> _Work task_
In the listing that follows, retype every line from the first through the one containing "#3=PRODUCT_CONTEXT('',#1,'mechanical');". Pictures are to be left out.

> _Record set_
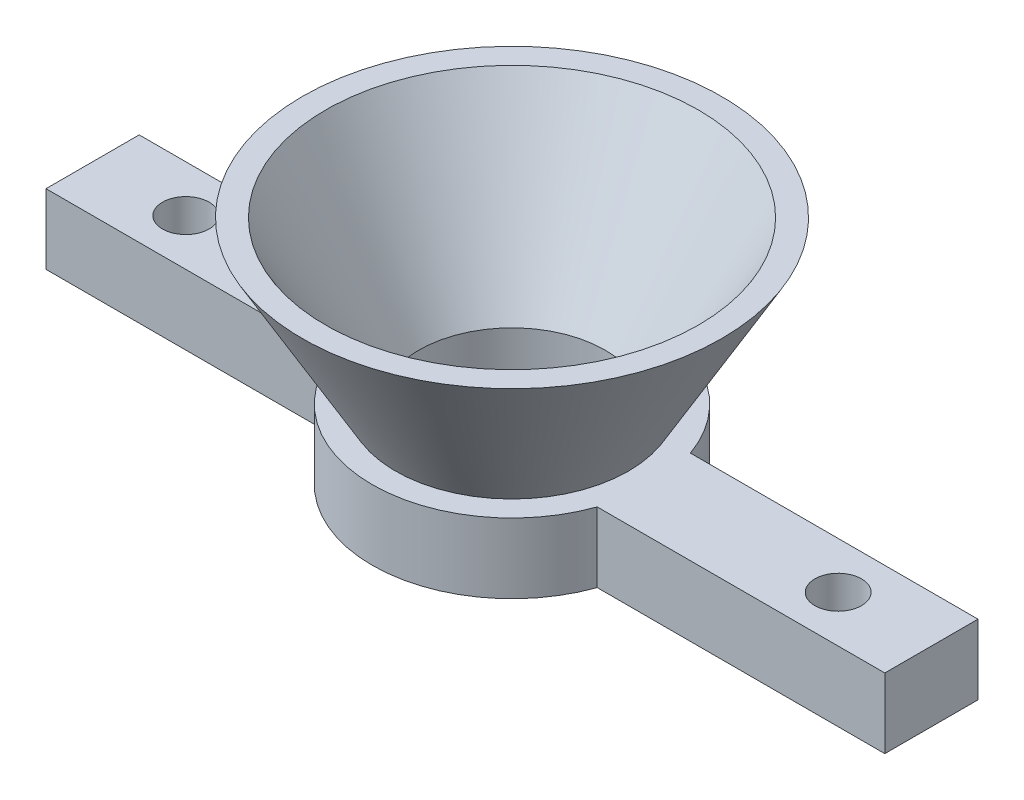
ISO-10303-21;
HEADER;
FILE_DESCRIPTION(('STEP AP214'),'2;1');
FILE_NAME('part.step','',(''),(''),'','','');
FILE_SCHEMA(('AUTOMOTIVE_DESIGN { 1 0 10303 214 1 1 1 1 }'));
ENDSEC;
DATA;
#1=APPLICATION_CONTEXT('core data for automotive mechanical design processes');
#2=APPLICATION_PROTOCOL_DEFINITION('international standard','automotive_design',2000,#1);
#3=PRODUCT_CONTEXT('',#1,'mechanical');
#4=PRODUCT('Part','Part','',(#3));
#5=PRODUCT_RELATED_PRODUCT_CATEGORY('part','',(#4));
#6=PRODUCT_DEFINITION_FORMATION('','',#4);
#7=PRODUCT_DEFINITION_CONTEXT('part definition',#1,'design');
#8=PRODUCT_DEFINITION('design','',#6,#7);
#9=PRODUCT_DEFINITION_SHAPE('','',#8);
#10=(LENGTH_UNIT() NAMED_UNIT(*) SI_UNIT(.MILLI.,.METRE.));
#11=(NAMED_UNIT(*) PLANE_ANGLE_UNIT() SI_UNIT($,.RADIAN.));
#12=(NAMED_UNIT(*) SI_UNIT($,.STERADIAN.) SOLID_ANGLE_UNIT());
#13=UNCERTAINTY_MEASURE_WITH_UNIT(LENGTH_MEASURE(1.E-05),#10,'distance_accuracy_value','');
#14=(GEOMETRIC_REPRESENTATION_CONTEXT(3) GLOBAL_UNCERTAINTY_ASSIGNED_CONTEXT((#13)) GLOBAL_UNIT_ASSIGNED_CONTEXT((#10,
#11,#12)) REPRESENTATION_CONTEXT('',''));
#15=CARTESIAN_POINT('',(0.,0.,0.));
#16=DIRECTION('',(0.,0.,1.));
#17=DIRECTION('',(1.,0.,0.));
#18=AXIS2_PLACEMENT_3D('',#15,#16,#17);
#19=CARTESIAN_POINT('',(0.,1.190625,0.));
#20=DIRECTION('',(0.,1.,0.));
#21=DIRECTION('',(0.,0.,1.));
#22=AXIS2_PLACEMENT_3D('',#19,#20,#21);
#23=PLANE('',#22);
#24=CARTESIAN_POINT('',(11.1125,1.190625,0.));
#25=DIRECTION('',(0.,1.,0.));
#26=DIRECTION('',(0.,0.,1.));
#27=AXIS2_PLACEMENT_3D('',#24,#25,#26);
#28=CIRCLE('',#27,0.793749999999999);
#29=CARTESIAN_POINT('',(11.1125,1.190625,-0.793749999999999));
#30=VERTEX_POINT('',#29);
#31=EDGE_CURVE('E196',#30,#30,#28,.T.);
#32=ORIENTED_EDGE('',*,*,#31,.F.);
#33=EDGE_LOOP('',(#32));
#34=FACE_BOUND('',#33,.T.);
#35=CARTESIAN_POINT('',(-11.1125,1.190625,0.));
#36=DIRECTION('',(0.,1.,0.));
#37=DIRECTION('',(0.,0.,1.));
#38=AXIS2_PLACEMENT_3D('',#35,#36,#37);
#39=CIRCLE('',#38,0.793749999999999);
#40=CARTESIAN_POINT('',(-11.1125,1.190625,-0.793749999999999));
#41=VERTEX_POINT('',#40);
#42=EDGE_CURVE('E243',#41,#41,#39,.T.);
#43=ORIENTED_EDGE('',*,*,#42,.F.);
#44=EDGE_LOOP('',(#43));
#45=FACE_BOUND('',#44,.T.);
#46=CARTESIAN_POINT('',(0.,1.190625,0.));
#47=DIRECTION('',(0.,1.,0.));
#48=DIRECTION('',(0.,0.,1.));
#49=AXIS2_PLACEMENT_3D('',#46,#47,#48);
#50=CIRCLE('',#49,4.7625);
#51=CARTESIAN_POINT('',(4.49012806053458,1.190625,-1.5875));
#52=VERTEX_POINT('',#51);
#53=CARTESIAN_POINT('',(-4.49012806053458,1.190625,-1.5875));
#54=VERTEX_POINT('',#53);
#55=EDGE_CURVE('E172',#52,#54,#50,.T.);
#56=ORIENTED_EDGE('',*,*,#55,.T.);
#57=DIRECTION('',(1.,0.,0.));
#58=VECTOR('',#57,1.);
#59=CARTESIAN_POINT('',(0.,1.190625,-1.5875));
#60=LINE('',#59,#58);
#61=CARTESIAN_POINT('',(-14.2875,1.190625,-1.5875));
#62=VERTEX_POINT('',#61);
#63=EDGE_CURVE('E186',#62,#54,#60,.T.);
#64=ORIENTED_EDGE('',*,*,#63,.F.);
#65=DIRECTION('',(0.,0.,-1.));
#66=VECTOR('',#65,1.);
#67=CARTESIAN_POINT('',(-14.2875,1.190625,0.));
#68=LINE('',#67,#66);
#69=CARTESIAN_POINT('',(-14.2875,1.190625,1.5875));
#70=VERTEX_POINT('',#69);
#71=EDGE_CURVE('E193',#70,#62,#68,.T.);
#72=ORIENTED_EDGE('',*,*,#71,.F.);
#73=DIRECTION('',(1.,0.,0.));
#74=VECTOR('',#73,1.);
#75=CARTESIAN_POINT('',(0.,1.190625,1.5875));
#76=LINE('',#75,#74);
#77=CARTESIAN_POINT('',(-4.49012806053458,1.190625,1.5875));
#78=VERTEX_POINT('',#77);
#79=EDGE_CURVE('E286',#70,#78,#76,.T.);
#80=ORIENTED_EDGE('',*,*,#79,.T.);
#81=CARTESIAN_POINT('',(0.,1.190625,0.));
#82=DIRECTION('',(0.,1.,0.));
#83=DIRECTION('',(0.,0.,1.));
#84=AXIS2_PLACEMENT_3D('',#81,#82,#83);
#85=CIRCLE('',#84,4.7625);
#86=CARTESIAN_POINT('',(4.49012806053458,1.190625,1.5875));
#87=VERTEX_POINT('',#86);
#88=EDGE_CURVE('E281',#78,#87,#85,.T.);
#89=ORIENTED_EDGE('',*,*,#88,.T.);
#90=DIRECTION('',(1.,0.,0.));
#91=VECTOR('',#90,1.);
#92=CARTESIAN_POINT('',(0.,1.190625,1.5875));
#93=LINE('',#92,#91);
#94=CARTESIAN_POINT('',(14.2875,1.190625,1.5875));
#95=VERTEX_POINT('',#94);
#96=EDGE_CURVE('E262',#87,#95,#93,.T.);
#97=ORIENTED_EDGE('',*,*,#96,.T.);
#98=DIRECTION('',(0.,0.,-1.));
#99=VECTOR('',#98,1.);
#100=CARTESIAN_POINT('',(14.2875,1.190625,0.));
#101=LINE('',#100,#99);
#102=CARTESIAN_POINT('',(14.2875,1.190625,-1.5875));
#103=VERTEX_POINT('',#102);
#104=EDGE_CURVE('E276',#95,#103,#101,.T.);
#105=ORIENTED_EDGE('',*,*,#104,.T.);
#106=DIRECTION('',(1.,0.,0.));
#107=VECTOR('',#106,1.);
#108=CARTESIAN_POINT('',(0.,1.190625,-1.5875));
#109=LINE('',#108,#107);
#110=EDGE_CURVE('E188',#52,#103,#109,.T.);
#111=ORIENTED_EDGE('',*,*,#110,.F.);
#112=EDGE_LOOP('',(#56,#64,#72,#80,#89,#97,#105,#111));
#113=FACE_BOUND('',#112,.T.);
#114=CARTESIAN_POINT('',(0.,1.190625,0.));
#115=DIRECTION('',(0.,-1.,0.));
#116=DIRECTION('',(1.,0.,0.));
#117=AXIS2_PLACEMENT_3D('',#114,#115,#116);
#118=CIRCLE('',#117,3.96875);
#119=CARTESIAN_POINT('',(3.96874999999999,1.19062500000001,0.));
#120=VERTEX_POINT('',#119);
#121=EDGE_CURVE('E208',#120,#120,#118,.T.);
#122=ORIENTED_EDGE('',*,*,#121,.T.);
#123=EDGE_LOOP('',(#122));
#124=FACE_BOUND('',#123,.T.);
#125=ADVANCED_FACE('F101',(#34,#45,#113,#124),#23,.T.);
#126=CARTESIAN_POINT('',(0.,1.190625,0.));
#127=DIRECTION('',(0.,-1.,0.));
#128=DIRECTION('',(0.,0.,-1.));
#129=AXIS2_PLACEMENT_3D('',#126,#127,#128);
#130=CYLINDRICAL_SURFACE('',#129,3.175);
#131=CARTESIAN_POINT('',(0.,1.190625,0.));
#132=DIRECTION('',(0.,-1.,0.));
#133=DIRECTION('',(1.,0.,0.));
#134=AXIS2_PLACEMENT_3D('',#131,#132,#133);
#135=CIRCLE('',#134,3.175);
#136=CARTESIAN_POINT('',(0.,1.190625,-3.175));
#137=VERTEX_POINT('',#136);
#138=EDGE_CURVE('E304',#137,#137,#135,.T.);
#139=CARTESIAN_POINT('',(0.,-1.190625,0.));
#140=DIRECTION('',(0.,1.,0.));
#141=DIRECTION('',(0.,0.,1.));
#142=AXIS2_PLACEMENT_3D('',#139,#140,#141);
#143=CIRCLE('',#142,3.175);
#144=CARTESIAN_POINT('',(0.,-1.190625,-3.175));
#145=VERTEX_POINT('',#144);
#146=EDGE_CURVE('E203',#145,#145,#143,.T.);
#147=CARTESIAN_POINT('',(0.,1.190625,-3.175));
#148=CARTESIAN_POINT('',(0.,1.1658203125,-3.175));
#149=CARTESIAN_POINT('',(0.,1.141015625,-3.175));
#150=CARTESIAN_POINT('',(0.,1.09140625,-3.175));
#151=CARTESIAN_POINT('',(0.,1.0666015625,-3.175));
#152=CARTESIAN_POINT('',(0.,1.0169921875,-3.175));
#153=CARTESIAN_POINT('',(0.,0.992187500000001,-3.175));
#154=CARTESIAN_POINT('',(0.,0.942578125000001,-3.175));
#155=CARTESIAN_POINT('',(0.,0.917773437500001,-3.175));
#156=CARTESIAN_POINT('',(0.,0.868164062500001,-3.175));
#157=CARTESIAN_POINT('',(0.,0.843359375000001,-3.175));
#158=CARTESIAN_POINT('',(0.,0.793750000000001,-3.175));
#159=CARTESIAN_POINT('',(0.,0.768945312500001,-3.175));
#160=CARTESIAN_POINT('',(0.,0.719335937500001,-3.175));
#161=CARTESIAN_POINT('',(0.,0.694531250000001,-3.175));
#162=CARTESIAN_POINT('',(0.,0.644921875000001,-3.175));
#163=CARTESIAN_POINT('',(0.,0.620117187500001,-3.175));
#164=CARTESIAN_POINT('',(0.,0.570507812500001,-3.175));
#165=CARTESIAN_POINT('',(0.,0.545703125000001,-3.175));
#166=CARTESIAN_POINT('',(0.,0.496093750000001,-3.175));
#167=CARTESIAN_POINT('',(0.,0.471289062500001,-3.175));
#168=CARTESIAN_POINT('',(0.,0.4216796875,-3.175));
#169=CARTESIAN_POINT('',(0.,0.396875,-3.175));
#170=CARTESIAN_POINT('',(0.,0.347265625,-3.175));
#171=CARTESIAN_POINT('',(0.,0.3224609375,-3.175));
#172=CARTESIAN_POINT('',(0.,0.2728515625,-3.175));
#173=CARTESIAN_POINT('',(0.,0.248046875,-3.175));
#174=CARTESIAN_POINT('',(0.,0.1984375,-3.175));
#175=CARTESIAN_POINT('',(0.,0.1736328125,-3.175));
#176=CARTESIAN_POINT('',(0.,0.124023437500001,-3.175));
#177=CARTESIAN_POINT('',(0.,0.0992187500000005,-3.175));
#178=CARTESIAN_POINT('',(0.,0.0496093750000005,-3.175));
#179=CARTESIAN_POINT('',(0.,0.0248046875000004,-3.175));
#180=CARTESIAN_POINT('',(0.,-0.0248046874999996,-3.175));
#181=CARTESIAN_POINT('',(0.,-0.0496093749999996,-3.175));
#182=CARTESIAN_POINT('',(0.,-0.0992187499999996,-3.175));
#183=CARTESIAN_POINT('',(0.,-0.1240234375,-3.175));
#184=CARTESIAN_POINT('',(0.,-0.1736328125,-3.175));
#185=CARTESIAN_POINT('',(0.,-0.1984375,-3.175));
#186=CARTESIAN_POINT('',(0.,-0.248046875,-3.175));
#187=CARTESIAN_POINT('',(0.,-0.2728515625,-3.175));
#188=CARTESIAN_POINT('',(0.,-0.3224609375,-3.175));
#189=CARTESIAN_POINT('',(0.,-0.347265625,-3.175));
#190=CARTESIAN_POINT('',(0.,-0.396875,-3.175));
#191=CARTESIAN_POINT('',(0.,-0.4216796875,-3.175));
#192=CARTESIAN_POINT('',(0.,-0.4712890625,-3.175));
#193=CARTESIAN_POINT('',(0.,-0.49609375,-3.175));
#194=CARTESIAN_POINT('',(0.,-0.545703125,-3.175));
#195=CARTESIAN_POINT('',(0.,-0.5705078125,-3.175));
#196=CARTESIAN_POINT('',(0.,-0.6201171875,-3.175));
#197=CARTESIAN_POINT('',(0.,-0.644921875,-3.175));
#198=CARTESIAN_POINT('',(0.,-0.69453125,-3.175));
#199=CARTESIAN_POINT('',(0.,-0.7193359375,-3.175));
#200=CARTESIAN_POINT('',(0.,-0.7689453125,-3.175));
#201=CARTESIAN_POINT('',(0.,-0.79375,-3.175));
#202=CARTESIAN_POINT('',(0.,-0.843359375,-3.175));
#203=CARTESIAN_POINT('',(0.,-0.8681640625,-3.175));
#204=CARTESIAN_POINT('',(0.,-0.9177734375,-3.175));
#205=CARTESIAN_POINT('',(0.,-0.942578125,-3.175));
#206=CARTESIAN_POINT('',(0.,-0.9921875,-3.175));
#207=CARTESIAN_POINT('',(0.,-1.0169921875,-3.175));
#208=CARTESIAN_POINT('',(0.,-1.0666015625,-3.175));
#209=CARTESIAN_POINT('',(0.,-1.09140625,-3.175));
#210=CARTESIAN_POINT('',(0.,-1.141015625,-3.175));
#211=CARTESIAN_POINT('',(0.,-1.1658203125,-3.175));
#212=CARTESIAN_POINT('',(0.,-1.190625,-3.175));
#213=B_SPLINE_CURVE_WITH_KNOTS('',3,(#147,#148,#149,#150,#151,#152,#153,#154,#155,#156,#157,
#158,#159,#160,#161,#162,#163,#164,#165,#166,#167,#168,#169,#170,#171,#172,#173,#174,#175,#176,
#177,#178,#179,#180,#181,#182,#183,#184,#185,#186,#187,#188,#189,#190,#191,#192,#193,#194,#195,
#196,#197,#198,#199,#200,#201,#202,#203,#204,#205,#206,#207,#208,#209,#210,#211,#212),
.UNSPECIFIED.,.F.,.F.,(4,2,2,2,2,2,2,2,2,2,2,2,2,2,2,2,2,2,2,2,2,2,2,2,2,2,2,2,2,2,2,2,4),(0.,
0.0744140625,0.148828125,0.2232421875,0.29765625,0.3720703125,0.446484375,0.5208984375,
0.5953125,0.6697265625,0.744140625,0.8185546875,0.892968750000001,0.967382812500001,1.041796875,
1.1162109375,1.190625,1.2650390625,1.339453125,1.4138671875,1.48828125,1.5626953125,1.637109375,
1.7115234375,1.7859375,1.8603515625,1.934765625,2.0091796875,2.08359375,2.1580078125,
2.232421875,2.3068359375,2.38125),.UNSPECIFIED.);
#214=EDGE_CURVE('BSEAM103',#137,#145,#213,.T.);
#215=ORIENTED_EDGE('',*,*,#138,.F.);
#216=ORIENTED_EDGE('',*,*,#146,.F.);
#217=ORIENTED_EDGE('',*,*,#214,.T.);
#218=ORIENTED_EDGE('',*,*,#214,.F.);
#219=EDGE_LOOP('',(#215,#217,#216,#218));
#220=FACE_BOUND('',#219,.T.);
#221=ADVANCED_FACE('F103',(#220),#130,.F.);
#222=CARTESIAN_POINT('',(0.,-1.190625,0.));
#223=DIRECTION('',(0.,1.,0.));
#224=DIRECTION('',(0.,0.,1.));
#225=AXIS2_PLACEMENT_3D('',#222,#223,#224);
#226=PLANE('',#225);
#227=ORIENTED_EDGE('',*,*,#146,.T.);
#228=EDGE_LOOP('',(#227));
#229=FACE_BOUND('',#228,.T.);
#230=CARTESIAN_POINT('',(0.,-1.190625,0.));
#231=DIRECTION('',(0.,1.,0.));
#232=DIRECTION('',(0.,0.,1.));
#233=AXIS2_PLACEMENT_3D('',#230,#231,#232);
#234=CIRCLE('',#233,4.7625);
#235=CARTESIAN_POINT('',(-4.49012806053458,-1.190625,1.5875));
#236=VERTEX_POINT('',#235);
#237=CARTESIAN_POINT('',(4.49012806053458,-1.190625,1.5875));
#238=VERTEX_POINT('',#237);
#239=EDGE_CURVE('E215',#236,#238,#234,.T.);
#240=ORIENTED_EDGE('',*,*,#239,.F.);
#241=DIRECTION('',(1.,0.,0.));
#242=VECTOR('',#241,1.);
#243=CARTESIAN_POINT('',(0.,-1.190625,1.5875));
#244=LINE('',#243,#242);
#245=CARTESIAN_POINT('',(-14.2875,-1.190625,1.5875));
#246=VERTEX_POINT('',#245);
#247=EDGE_CURVE('E212',#246,#236,#244,.T.);
#248=ORIENTED_EDGE('',*,*,#247,.F.);
#249=DIRECTION('',(0.,0.,-1.));
#250=VECTOR('',#249,1.);
#251=CARTESIAN_POINT('',(-14.2875,-1.190625,0.));
#252=LINE('',#251,#250);
#253=CARTESIAN_POINT('',(-14.2875,-1.190625,-1.5875));
#254=VERTEX_POINT('',#253);
#255=EDGE_CURVE('E235',#246,#254,#252,.T.);
#256=ORIENTED_EDGE('',*,*,#255,.T.);
#257=DIRECTION('',(1.,0.,0.));
#258=VECTOR('',#257,1.);
#259=CARTESIAN_POINT('',(0.,-1.190625,-1.5875));
#260=LINE('',#259,#258);
#261=CARTESIAN_POINT('',(-4.49012806053458,-1.190625,-1.5875));
#262=VERTEX_POINT('',#261);
#263=EDGE_CURVE('E232',#254,#262,#260,.T.);
#264=ORIENTED_EDGE('',*,*,#263,.T.);
#265=CARTESIAN_POINT('',(0.,-1.190625,0.));
#266=DIRECTION('',(0.,1.,0.));
#267=DIRECTION('',(0.,0.,1.));
#268=AXIS2_PLACEMENT_3D('',#265,#266,#267);
#269=CIRCLE('',#268,4.7625);
#270=CARTESIAN_POINT('',(4.49012806053458,-1.190625,-1.5875));
#271=VERTEX_POINT('',#270);
#272=EDGE_CURVE('E175',#271,#262,#269,.T.);
#273=ORIENTED_EDGE('',*,*,#272,.F.);
#274=DIRECTION('',(1.,0.,0.));
#275=VECTOR('',#274,1.);
#276=CARTESIAN_POINT('',(0.,-1.190625,-1.5875));
#277=LINE('',#276,#275);
#278=CARTESIAN_POINT('',(14.2875,-1.190625,-1.5875));
#279=VERTEX_POINT('',#278);
#280=EDGE_CURVE('E226',#271,#279,#277,.T.);
#281=ORIENTED_EDGE('',*,*,#280,.T.);
#282=DIRECTION('',(0.,0.,-1.));
#283=VECTOR('',#282,1.);
#284=CARTESIAN_POINT('',(14.2875,-1.190625,0.));
#285=LINE('',#284,#283);
#286=CARTESIAN_POINT('',(14.2875,-1.190625,1.5875));
#287=VERTEX_POINT('',#286);
#288=EDGE_CURVE('E222',#287,#279,#285,.T.);
#289=ORIENTED_EDGE('',*,*,#288,.F.);
#290=DIRECTION('',(1.,0.,0.));
#291=VECTOR('',#290,1.);
#292=CARTESIAN_POINT('',(0.,-1.190625,1.5875));
#293=LINE('',#292,#291);
#294=EDGE_CURVE('E219',#238,#287,#293,.T.);
#295=ORIENTED_EDGE('',*,*,#294,.F.);
#296=EDGE_LOOP('',(#240,#248,#256,#264,#273,#281,#289,#295));
#297=FACE_BOUND('',#296,.T.);
#298=CARTESIAN_POINT('',(-11.1125,-1.190625,0.));
#299=DIRECTION('',(0.,1.,0.));
#300=DIRECTION('',(0.,0.,1.));
#301=AXIS2_PLACEMENT_3D('',#298,#299,#300);
#302=CIRCLE('',#301,0.793749999999999);
#303=CARTESIAN_POINT('',(-11.1125,-1.190625,-0.793749999999999));
#304=VERTEX_POINT('',#303);
#305=EDGE_CURVE('E207',#304,#304,#302,.T.);
#306=ORIENTED_EDGE('',*,*,#305,.T.);
#307=EDGE_LOOP('',(#306));
#308=FACE_BOUND('',#307,.T.);
#309=CARTESIAN_POINT('',(11.1125,-1.190625,0.));
#310=DIRECTION('',(0.,1.,0.));
#311=DIRECTION('',(0.,0.,1.));
#312=AXIS2_PLACEMENT_3D('',#309,#310,#311);
#313=CIRCLE('',#312,0.793749999999999);
#314=CARTESIAN_POINT('',(11.1125,-1.190625,-0.793749999999999));
#315=VERTEX_POINT('',#314);
#316=EDGE_CURVE('E239',#315,#315,#313,.T.);
#317=ORIENTED_EDGE('',*,*,#316,.T.);
#318=EDGE_LOOP('',(#317));
#319=FACE_BOUND('',#318,.T.);
#320=ADVANCED_FACE('F269',(#229,#297,#308,#319),#226,.F.);
#321=CARTESIAN_POINT('',(0.,1.190625,0.));
#322=DIRECTION('',(0.,-1.,0.));
#323=DIRECTION('',(0.,0.,-1.));
#324=AXIS2_PLACEMENT_3D('',#321,#322,#323);
#325=CYLINDRICAL_SURFACE('',#324,4.7625);
#326=ORIENTED_EDGE('',*,*,#239,.T.);
#327=DIRECTION('',(0.,-1.,0.));
#328=VECTOR('',#327,1.);
#329=CARTESIAN_POINT('',(4.49012806053458,1.190625,1.5875));
#330=LINE('',#329,#328);
#331=EDGE_CURVE('E111',#87,#238,#330,.T.);
#332=ORIENTED_EDGE('',*,*,#331,.F.);
#333=ORIENTED_EDGE('',*,*,#88,.F.);
#334=DIRECTION('',(0.,-1.,0.));
#335=VECTOR('',#334,1.);
#336=CARTESIAN_POINT('',(-4.49012806053458,1.190625,1.5875));
#337=LINE('',#336,#335);
#338=EDGE_CURVE('E12',#78,#236,#337,.T.);
#339=ORIENTED_EDGE('',*,*,#338,.T.);
#340=EDGE_LOOP('',(#326,#332,#333,#339));
#341=FACE_BOUND('',#340,.T.);
#342=ADVANCED_FACE('F266',(#341),#325,.T.);
#343=CARTESIAN_POINT('',(0.,1.190625,0.));
#344=DIRECTION('',(0.,-1.,0.));
#345=DIRECTION('',(0.,0.,-1.));
#346=AXIS2_PLACEMENT_3D('',#343,#344,#345);
#347=CYLINDRICAL_SURFACE('',#346,4.7625);
#348=ORIENTED_EDGE('',*,*,#272,.T.);
#349=DIRECTION('',(0.,-1.,0.));
#350=VECTOR('',#349,1.);
#351=CARTESIAN_POINT('',(-4.49012806053458,1.190625,-1.5875));
#352=LINE('',#351,#350);
#353=EDGE_CURVE('E169',#54,#262,#352,.T.);
#354=ORIENTED_EDGE('',*,*,#353,.F.);
#355=ORIENTED_EDGE('',*,*,#55,.F.);
#356=DIRECTION('',(0.,-1.,0.));
#357=VECTOR('',#356,1.);
#358=CARTESIAN_POINT('',(4.49012806053458,1.190625,-1.5875));
#359=LINE('',#358,#357);
#360=EDGE_CURVE('E180',#52,#271,#359,.T.);
#361=ORIENTED_EDGE('',*,*,#360,.T.);
#362=EDGE_LOOP('',(#348,#354,#355,#361));
#363=FACE_BOUND('',#362,.T.);
#364=ADVANCED_FACE('F171',(#363),#347,.T.);
#365=CARTESIAN_POINT('',(0.,1.190625,1.5875));
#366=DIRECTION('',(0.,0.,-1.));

> _Output below_
ISO-10303-21;
HEADER;
FILE_DESCRIPTION(('STEP AP214'),'2;1');
FILE_NAME('part.step','',(''),(''),'','','');
FILE_SCHEMA(('AUTOMOTIVE_DESIGN { 1 0 10303 214 1 1 1 1 }'));
ENDSEC;
DATA;
#1=APPLICATION_CONTEXT('core data for automotive mechanical design processes');
#2=APPLICATION_PROTOCOL_DEFINITION('international standard','automotive_design',2000,#1);
#3=PRODUCT_CONTEXT('',#1,'mechanical');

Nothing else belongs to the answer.